Stored data entries
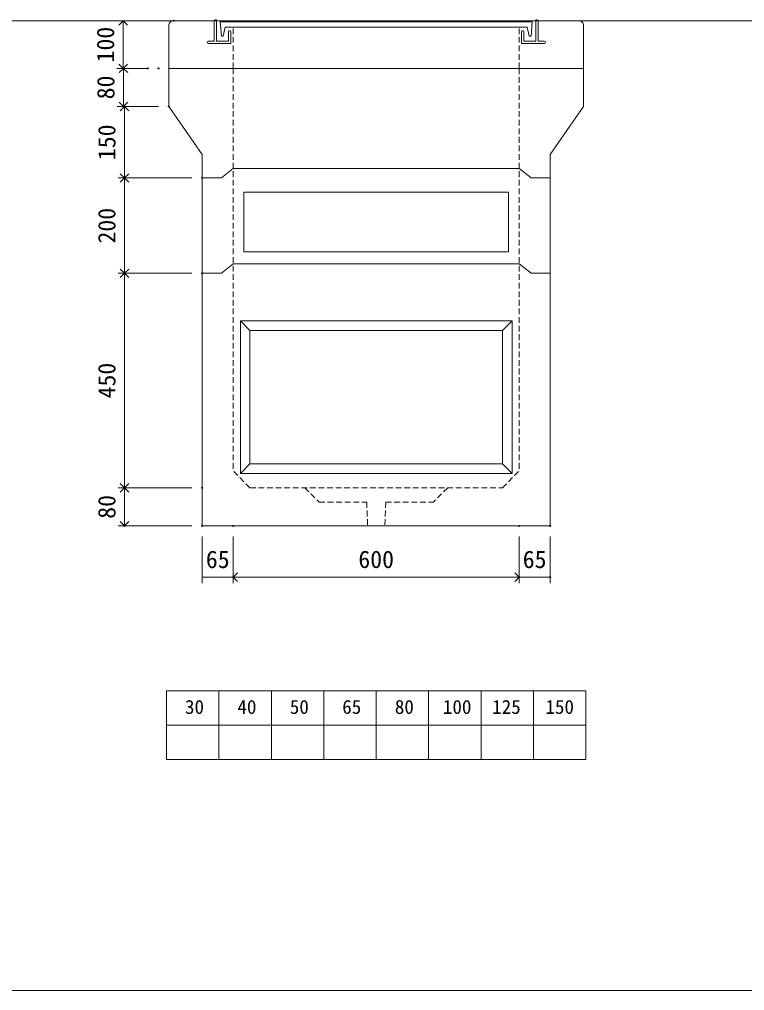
# Model space of a CAD drawing. Units: millimetres, scale not verified. Extents: x -4890 to 18497, y -2288 to 2288.
# Drawn here: x 1846 to 3368, y -1987 to 51 of the extents above; entities that cross this region are included whole.
import ezdxf
from ezdxf.enums import TextEntityAlignment as Align

# ---------------------------------------------------------------- set-up
doc = ezdxf.new("R2010")
doc.units = ezdxf.units.MM
doc.header["$LTSCALE"] = 10
doc.header["$PDMODE"] = 32
doc.header["$PDSIZE"] = 2
doc.linetypes.add('DASHED1', pattern=[1.8, 1.2, -0.6])
doc.linetypes.add('USER2', pattern=[50.8, 31.75, -6.35, 6.35, -6.35])
doc.layers.add('0-1_Defpoints', color=7, linetype='Continuous')
for name, color, linetype, lineweight in [('0-2_waku', 7, 'Continuous', 18), ('0-3_gaikei', 7, 'Continuous', 18), ('0-4_kakure', 7, 'DASHED1', 5), ('0-5_sunpou', 7, 'Continuous', 5), ('0-9_uchigawa', 6, 'Continuous', 18), ('0-B_futa', 3, 'Continuous', 18), ('0-C_GL', 4, 'Continuous', 18), ('0-E_文字１', 7, 'Continuous', 18), ('1-3_uchigawa2', 6, 'USER2', 18)]:
    doc.layers.add(name, color=color, linetype=linetype, lineweight=lineweight)
doc.styles.add('ＭＳ ゴシック', font='')
doc.styles.get('ＭＳ ゴシック').set_extended_font_data('MS Gothic')

# ---------------------------------------------------------------- blocks, each defined once
blk = doc.blocks.new('D34')
at = {"layer": '0-1_Defpoints'}
for p in [(3677.33, 1204.36), (3742.33, 1204.36), (3742.33, 1096.89)]:
    blk.add_point(p, dxfattribs=at)
at = {"layer": '0-5_sunpou'}
for p, q in [((3677.33, 1182.36), (3677.33, 1083.89)), ((3742.33, 1182.36), (3742.33, 1083.89)), ((3677.33, 1096.89), (3742.33, 1096.89))]:
    blk.add_line(p, q, dxfattribs=at)
at = {"layer": '0-5_sunpou', "style": 'ＭＳ ゴシック'}
blk.add_text('65', height=36.66, dxfattribs=at).set_placement((3684.83, 1104.89), align=Align.BOTTOM_LEFT)
blk = doc.blocks.new('_Open90')
at = {"layer": '0-5_sunpou'}
blk.add_line((0, 0), (-1, 0), dxfattribs=at)
blk.add_lwpolyline([(-0.5, 0.5), (0, 0), (-0.5, -0.5)], dxfattribs=at)
blk = doc.blocks.new('D35')
at = {"layer": '0-1_Defpoints'}
for p in [(3742.33, 1204.36), (4342.33, 1204.36), (4342.33, 1096.89)]:
    blk.add_point(p, dxfattribs=at)
at = {"layer": '0-5_sunpou'}
for p, q in [((3742.33, 1182.36), (3742.33, 1083.89)), ((4342.33, 1182.36), (4342.33, 1083.89)), ((3760.33, 1096.89), (4324.33, 1096.89))]:
    blk.add_line(p, q, dxfattribs=at)
at = {"layer": '0-5_sunpou', "xscale": 18, "yscale": 18, "rotation": 180}
blk.add_blockref('_Open90', (3742.33, 1096.89), dxfattribs=at)
at = {"layer": '0-5_sunpou', "xscale": 18, "yscale": 18}
blk.add_blockref('_Open90', (4342.33, 1096.89), dxfattribs=at)
at = {"layer": '0-5_sunpou', "style": 'ＭＳ ゴシック'}
blk.add_text('600', height=36.66, dxfattribs=at).set_placement((4004.83, 1104.89), align=Align.BOTTOM_LEFT)
blk = doc.blocks.new('D36')
at = {"layer": '0-1_Defpoints'}
for p in [(4342.33, 1204.36), (4407.33, 1204.36), (4407.33, 1096.89)]:
    blk.add_point(p, dxfattribs=at)
at = {"layer": '0-5_sunpou'}
for p, q in [((4342.33, 1182.36), (4342.33, 1083.89)), ((4407.33, 1182.36), (4407.33, 1083.89)), ((4342.33, 1096.89), (4407.33, 1096.89))]:
    blk.add_line(p, q, dxfattribs=at)
at = {"layer": '0-5_sunpou', "style": 'ＭＳ ゴシック'}
blk.add_text('65', height=36.66, dxfattribs=at).set_placement((4349.83, 1104.89), align=Align.BOTTOM_LEFT)
blk = doc.blocks.new('D13')
at = {"layer": '0-1_Defpoints'}
for p in [(3607.33, 2084.36), (3514.1, 1934.36), (3677.33, 1934.36)]:
    blk.add_point(p, dxfattribs=at)
at = {"layer": '0-5_sunpou'}
for p, q in [((3585.33, 2084.36), (3501.1, 2084.36)), ((3514.1, 2066.36), (3514.1, 1952.36)), ((3655.33, 1934.36), (3501.1, 1934.36))]:
    blk.add_line(p, q, dxfattribs=at)
at = {"layer": '0-5_sunpou', "xscale": 18, "yscale": 18}
for p, rotation in [((3514.1, 2084.36), 90), ((3514.1, 1934.36), 270)]:
    blk.add_blockref('_Open90', p, dxfattribs=dict(at, rotation=rotation))
at = {"layer": '0-5_sunpou', "style": 'ＭＳ ゴシック'}
blk.add_text('150', height=36.66, rotation=90, dxfattribs=at).set_placement((3506.1, 1971.86), align=Align.BOTTOM_LEFT)
blk = doc.blocks.new('D14')
at = {"layer": '0-1_Defpoints'}
for p in [(3677.33, 1934.36), (3514.1, 1734.36), (3677.33, 1734.36)]:
    blk.add_point(p, dxfattribs=at)
at = {"layer": '0-5_sunpou'}
for p, q in [((3655.33, 1934.36), (3501.1, 1934.36)), ((3514.1, 1916.36), (3514.1, 1752.36)), ((3655.33, 1734.36), (3501.1, 1734.36))]:
    blk.add_line(p, q, dxfattribs=at)
at = {"layer": '0-5_sunpou', "xscale": 18, "yscale": 18}
for p, rotation in [((3514.1, 1934.36), 90), ((3514.1, 1734.36), 270)]:
    blk.add_blockref('_Open90', p, dxfattribs=dict(at, rotation=rotation))
at = {"layer": '0-5_sunpou', "style": 'ＭＳ ゴシック'}
blk.add_text('200', height=36.66, rotation=90, dxfattribs=at).set_placement((3506.1, 1796.86), align=Align.BOTTOM_LEFT)
blk = doc.blocks.new('D15')
at = {"layer": '0-1_Defpoints'}
for p in [(3585.33, 2164.36), (3511.9, 2084.36), (3607.33, 2084.36)]:
    blk.add_point(p, dxfattribs=at)
at = {"layer": '0-5_sunpou'}
for p, q in [((3563.33, 2164.36), (3498.9, 2164.36)), ((3511.9, 2146.36), (3511.9, 2102.36)), ((3585.33, 2084.36), (3498.9, 2084.36))]:
    blk.add_line(p, q, dxfattribs=at)
at = {"layer": '0-5_sunpou', "xscale": 18, "yscale": 18}
for p, rotation in [((3511.9, 2164.36), 90), ((3511.9, 2084.36), 270)]:
    blk.add_blockref('_Open90', p, dxfattribs=dict(at, rotation=rotation))
at = {"layer": '0-5_sunpou', "style": 'ＭＳ ゴシック'}
blk.add_text('80', height=36.66, rotation=90, dxfattribs=at).set_placement((3503.9, 2099.36), align=Align.BOTTOM_LEFT)
blk = doc.blocks.new('D16')
at = {"layer": '0-1_Defpoints'}
for p in [(3617.33, 2264.36), (3511.3, 2164.36), (3563.33, 2164.36)]:
    blk.add_point(p, dxfattribs=at)
at = {"layer": '0-5_sunpou'}
for p, q in [((3595.33, 2264.36), (3498.3, 2264.36)), ((3511.3, 2246.36), (3511.3, 2182.36)), ((3541.33, 2164.36), (3498.3, 2164.36))]:
    blk.add_line(p, q, dxfattribs=at)
at = {"layer": '0-5_sunpou', "xscale": 18, "yscale": 18}
for p, rotation in [((3511.3, 2264.36), 90), ((3511.3, 2164.36), 270)]:
    blk.add_blockref('_Open90', p, dxfattribs=dict(at, rotation=rotation))
at = {"layer": '0-5_sunpou', "style": 'ＭＳ ゴシック'}
blk.add_text('100', height=36.66, rotation=90, dxfattribs=at).set_placement((3503.3, 2176.86), align=Align.BOTTOM_LEFT)
blk = doc.blocks.new('D17')
at = {"layer": '0-1_Defpoints'}
for p in [(3677.33, 1734.36), (3514.1, 1284.36), (3677.33, 1284.36)]:
    blk.add_point(p, dxfattribs=at)
at = {"layer": '0-5_sunpou'}
for p, q in [((3655.33, 1734.36), (3501.1, 1734.36)), ((3514.1, 1716.36), (3514.1, 1302.36)), ((3655.33, 1284.36), (3501.1, 1284.36))]:
    blk.add_line(p, q, dxfattribs=at)
at = {"layer": '0-5_sunpou', "xscale": 18, "yscale": 18}
for p, rotation in [((3514.1, 1734.36), 90), ((3514.1, 1284.36), 270)]:
    blk.add_blockref('_Open90', p, dxfattribs=dict(at, rotation=rotation))
at = {"layer": '0-5_sunpou', "style": 'ＭＳ ゴシック'}
blk.add_text('450', height=36.66, rotation=90, dxfattribs=at).set_placement((3506.1, 1471.86), align=Align.BOTTOM_LEFT)
blk = doc.blocks.new('D18')
at = {"layer": '0-1_Defpoints'}
for p in [(3677.33, 1284.36), (3514.1, 1204.36), (3677.33, 1204.36)]:
    blk.add_point(p, dxfattribs=at)
at = {"layer": '0-5_sunpou'}
for p, q in [((3655.33, 1284.36), (3501.1, 1284.36)), ((3514.1, 1266.36), (3514.1, 1222.36)), ((3655.33, 1204.36), (3501.1, 1204.36))]:
    blk.add_line(p, q, dxfattribs=at)
at = {"layer": '0-5_sunpou', "xscale": 18, "yscale": 18}
for p, rotation in [((3514.1, 1284.36), 90), ((3514.1, 1204.36), 270)]:
    blk.add_blockref('_Open90', p, dxfattribs=dict(at, rotation=rotation))
at = {"layer": '0-5_sunpou', "style": 'ＭＳ ゴシック'}
blk.add_text('80', height=36.66, rotation=90, dxfattribs=at).set_placement((3506.1, 1219.36), align=Align.BOTTOM_LEFT)

msp = doc.modelspace()

# ---------------------------------------------------------------- linework, layer by layer
at = {"layer": '0-2_waku'}
for p, q in [((2155.01, -1357.56), (2155.01, -1501.56)), ((2155.01, -1357.56), (2155.01, -1501.56)), ((2155.01, -1357.56), (2155.01, -1501.56)), ((2155.01, -1357.56), (2155.01, -1501.56)), ((2155.01, -1357.56), (3035.01, -1357.56)), ((2265.01, -1357.56), (2265.01, -1501.56)), ((2375.01, -1357.56), (2375.01, -1501.56)), ((2375.01, -1357.56), (2375.01, -1501.56)), ((2485.01, -1357.56), (2485.01, -1501.56)), ((2595.01, -1357.56), (2595.01, -1501.56)), ((2705.01, -1357.56), (2705.01, -1501.56)), ((2815.01, -1357.56), (2815.01, -1501.56)), ((2925.01, -1357.56), (2925.01, -1501.56)), ((3035.01, -1357.56), (3035.01, -1501.56)), ((2155.01, -1429.56), (3035.01, -1429.56)), ((2155.01, -1501.56), (3035.01, -1501.56)), ((-1230.01, -1986.56), (4889.99, -1986.56))]:
    msp.add_line(p, q, dxfattribs=at)
msp.add_lwpolyline([(-1230.01, 2288.44), (-1230.01, -1986.56), (4889.99, -1986.56)], dxfattribs=at)
at = {"layer": '0-3_gaikei'}
for p, q in [((2170.01, 48.44), (2255.01, 48.44)), ((2935.01, 48.44), (3020.01, 48.44)), ((2160.01, -51.56), (2160.01, 38.44)), ((3030.01, -51.56), (3030.01, 38.44)), ((2160.01, -51.56), (2160.01, -131.56)), ((2160.01, -51.56), (3030.01, -51.56)), ((3030.01, -51.56), (2920.01, -51.56)), ((3030.01, -51.56), (3030.01, -131.56)), ((2230.01, -232.56), (2160.01, -131.56)), ((2960.01, -232.56), (3030.01, -131.56)), ((2230.01, -1011.56), (2230.01, -232.56)), ((2960.01, -1011.56), (2960.01, -232.56)), ((2270.01, -281.56), (2295.01, -261.56)), ((2270.01, -281.56), (2295.01, -261.56)), ((2295.01, -261.56), (2895.01, -261.56)), ((2295.01, -261.56), (2895.01, -261.56)), ((2895.01, -261.56), (2920.01, -281.56)), ((2895.01, -261.56), (2920.01, -281.56)), ((2230.01, -281.56), (2270.01, -281.56)), ((2230.01, -281.56), (2270.01, -281.56)), ((2230.01, -281.56), (2270.01, -281.56)), ((2230.01, -281.56), (2270.01, -281.56)), ((2230.01, -281.56), (2270.01, -281.56)), ((2230.01, -281.56), (2270.01, -281.56)), ((2960.01, -281.56), (2920.01, -281.56)), ((2960.01, -281.56), (2920.01, -281.56)), ((2960.01, -281.56), (2920.01, -281.56)), ((2960.01, -281.56), (2920.01, -281.56)), ((2270.01, -481.56), (2295.01, -461.56)), ((2295.01, -461.56), (2895.01, -461.56)), ((2895.01, -461.56), (2920.01, -481.56)), ((2230.01, -481.56), (2270.01, -481.56)), ((2230.01, -481.56), (2270.01, -481.56)), ((2230.01, -481.56), (2270.01, -481.56)), ((2960.01, -481.56), (2920.01, -481.56)), ((2960.01, -481.56), (2920.01, -481.56)), ((2230.01, -1011.56), (2960.01, -1011.56))]:
    msp.add_line(p, q, dxfattribs=at)
for points in [[(2920.01, -281.56), (2960.01, -281.56), (2920.01, -281.56)], [(2920.01, -281.56), (2960.01, -281.56), (2920.01, -281.56)], [(2920.01, -281.56), (2960.01, -281.56), (2920.01, -281.56)], [(2920.01, -281.56), (2960.01, -281.56), (2920.01, -281.56)], [(2920.01, -481.56), (2960.01, -481.56), (2920.01, -481.56)], [(2920.01, -481.56), (2960.01, -481.56), (2920.01, -481.56)]]:
    msp.add_lwpolyline(points, dxfattribs=at)
for centre, radius, start, end in [((2169.43, 39.02), 9.44, 86.47383, 183.52617), ((3020.34, 38.77), 9.68, 358.04251, 91.95749)]:
    msp.add_arc(centre, radius, start, end, dxfattribs=at)
at = {"layer": '0-4_kakure'}
for p, q in [((2295.01, -51.56), (2295.01, 34.94)), ((2895.01, -51.56), (2895.01, 34.94)), ((2295.01, -51.56), (2295.01, -896.56)), ((2895.01, -51.56), (2895.01, -896.56)), ((2330.01, -931.56), (2295.01, -896.56)), ((2860.01, -931.56), (2895.01, -896.56)), ((2330.01, -931.56), (2860.01, -931.56)), ((2445.01, -931.56), (2475.01, -961.56)), ((2745.01, -931.56), (2715.01, -961.56)), ((2615.01, -961.56), (2613.01, -1011.56)), ((2615.01, -961.56), (2715.01, -961.56))]:
    msp.add_line(p, q, dxfattribs=at)
msp.add_lwpolyline([(2475.01, -961.56), (2575.01, -961.56), (2577.01, -1011.56)], dxfattribs=at)
at = {"layer": '0-9_uchigawa'}
for p, q in [((2310.01, -581.56), (2310.01, -901.56)), ((2310.01, -581.56), (2880.01, -581.56)), ((2310.01, -581.56), (2330.01, -601.56)), ((2860.01, -601.56), (2880.01, -581.56)), ((2880.01, -581.56), (2880.01, -901.56)), ((2330.01, -601.56), (2330.01, -881.56)), ((2330.01, -601.56), (2330.01, -881.56)), ((2330.01, -601.56), (2860.01, -601.56)), ((2860.01, -601.56), (2860.01, -881.56)), ((2860.01, -601.56), (2860.01, -881.56)), ((2310.01, -901.56), (2330.01, -881.56)), ((2330.01, -881.56), (2595.01, -881.56)), ((2595.01, -881.56), (2860.01, -881.56)), ((2880.01, -901.56), (2860.01, -881.56)), ((2310.01, -901.56), (2595.01, -901.56)), ((2595.01, -901.56), (2880.01, -901.56))]:
    msp.add_line(p, q, dxfattribs=at)
at = {"layer": '0-B_futa'}
for p, q in [((2255.01, 48.44), (2255.01, 5.44)), ((2257.01, 50.44), (2260.01, 50.44)), ((2260.01, 50.44), (2260.01, 5.44)), ((2267.82, 45.94), (2922.15, 45.94)), ((2267.82, 45.94), (2270.31, 15.94)), ((2922.15, 45.94), (2919.9, 15.94)), ((2930.01, 50.44), (2930.01, 5.44)), ((2930.01, 50.44), (2933.01, 50.44)), ((2935.01, 48.44), (2935.01, 5.44)), ((2278.34, 34.94), (2274.02, 15.94)), ((2278.34, 34.94), (2911.68, 34.94)), ((2285.01, 25.44), (2285.01, 5.44)), ((2287.01, 27.44), (2288.01, 27.44)), ((2290.01, 25.44), (2290.01, 0.44)), ((2900.01, 25.44), (2900.01, 0.44)), ((2903.01, 27.44), (2902.01, 27.44)), ((2905.01, 25.44), (2905.01, 5.44)), ((2911.68, 34.94), (2915.99, 15.94)), ((2240.01, 3.44), (2240.01, 2.44)), ((2242.01, 5.44), (2255.01, 5.44)), ((2290.01, 0.44), (2242.01, 0.44)), ((2260.01, 5.44), (2285.01, 5.44)), ((2270.31, 15.94), (2274.02, 15.94)), ((2900.01, 0.44), (2948.01, 0.44)), ((2930.01, 5.44), (2905.01, 5.44)), ((2919.9, 15.94), (2915.99, 15.94)), ((2948.01, 5.44), (2935.01, 5.44)), ((2950.01, 3.44), (2950.01, 2.44))]:
    msp.add_line(p, q, dxfattribs=at)
for centre, start, end in [((2257.01, 48.44), 90, 180), ((2933.01, 48.44), 0, 90), ((2287.01, 25.44), 90, 180), ((2288.01, 25.44), 0, 90), ((2902.01, 25.44), 90, 180), ((2903.01, 25.44), 0, 90), ((2242.01, 3.44), 90, 180), ((2242.01, 2.44), 180, 270), ((2948.01, 3.44), 0, 90), ((2948.01, 2.44), 270, 0)]:
    msp.add_arc(centre, 2, start, end, dxfattribs=at)
at = {"layer": '0-C_GL'}
msp.add_line((-1229.99, 48.44), (4890.01, 48.44), dxfattribs=at)
at = {"layer": '1-3_uchigawa2'}
for p, q in [((2317.51, -311.56), (2317.51, -436.56)), ((2317.51, -311.56), (2595.01, -311.56)), ((2872.51, -311.56), (2595.01, -311.56)), ((2872.51, -311.56), (2872.51, -436.56)), ((2317.51, -436.56), (2595.01, -436.56)), ((2872.51, -436.56), (2595.01, -436.56))]:
    msp.add_line(p, q, dxfattribs=at)

# ---------------------------------------------------------------- block references
at = {"layer": '0-5_sunpou'}
for name in ['D16', 'D15', 'D13', 'D14', 'D17', 'D18', 'D34', 'D35', 'D36']:
    msp.add_blockref(name, (-1447.32, -2215.93), dxfattribs=at)

# ---------------------------------------------------------------- texts
at = {"layer": '0-E_文字１', "style": 'ＭＳ ゴシック'}
for s, p in [('30', (2193.71, -1414.82)), ('40', (2303.71, -1414.82)), ('50', (2413.71, -1414.82)), ('65', (2523.71, -1414.82)), ('80', (2634.12, -1414.82)), ('100', (2734.99, -1414.82)), ('125', (2838.38, -1414.82)), ('150', (2950.14, -1414.82))]:
    msp.add_text(s, height=29.33, dxfattribs=at).set_placement(p, align=Align.BOTTOM_LEFT)

doc.saveas('drawing.dxf')

▸ **Work required**
Every line that holds the word "header" should be copied from the records above.

▸ **Task result**
doc.header["$LTSCALE"] = 10
doc.header["$PDMODE"] = 32
doc.header["$PDSIZE"] = 2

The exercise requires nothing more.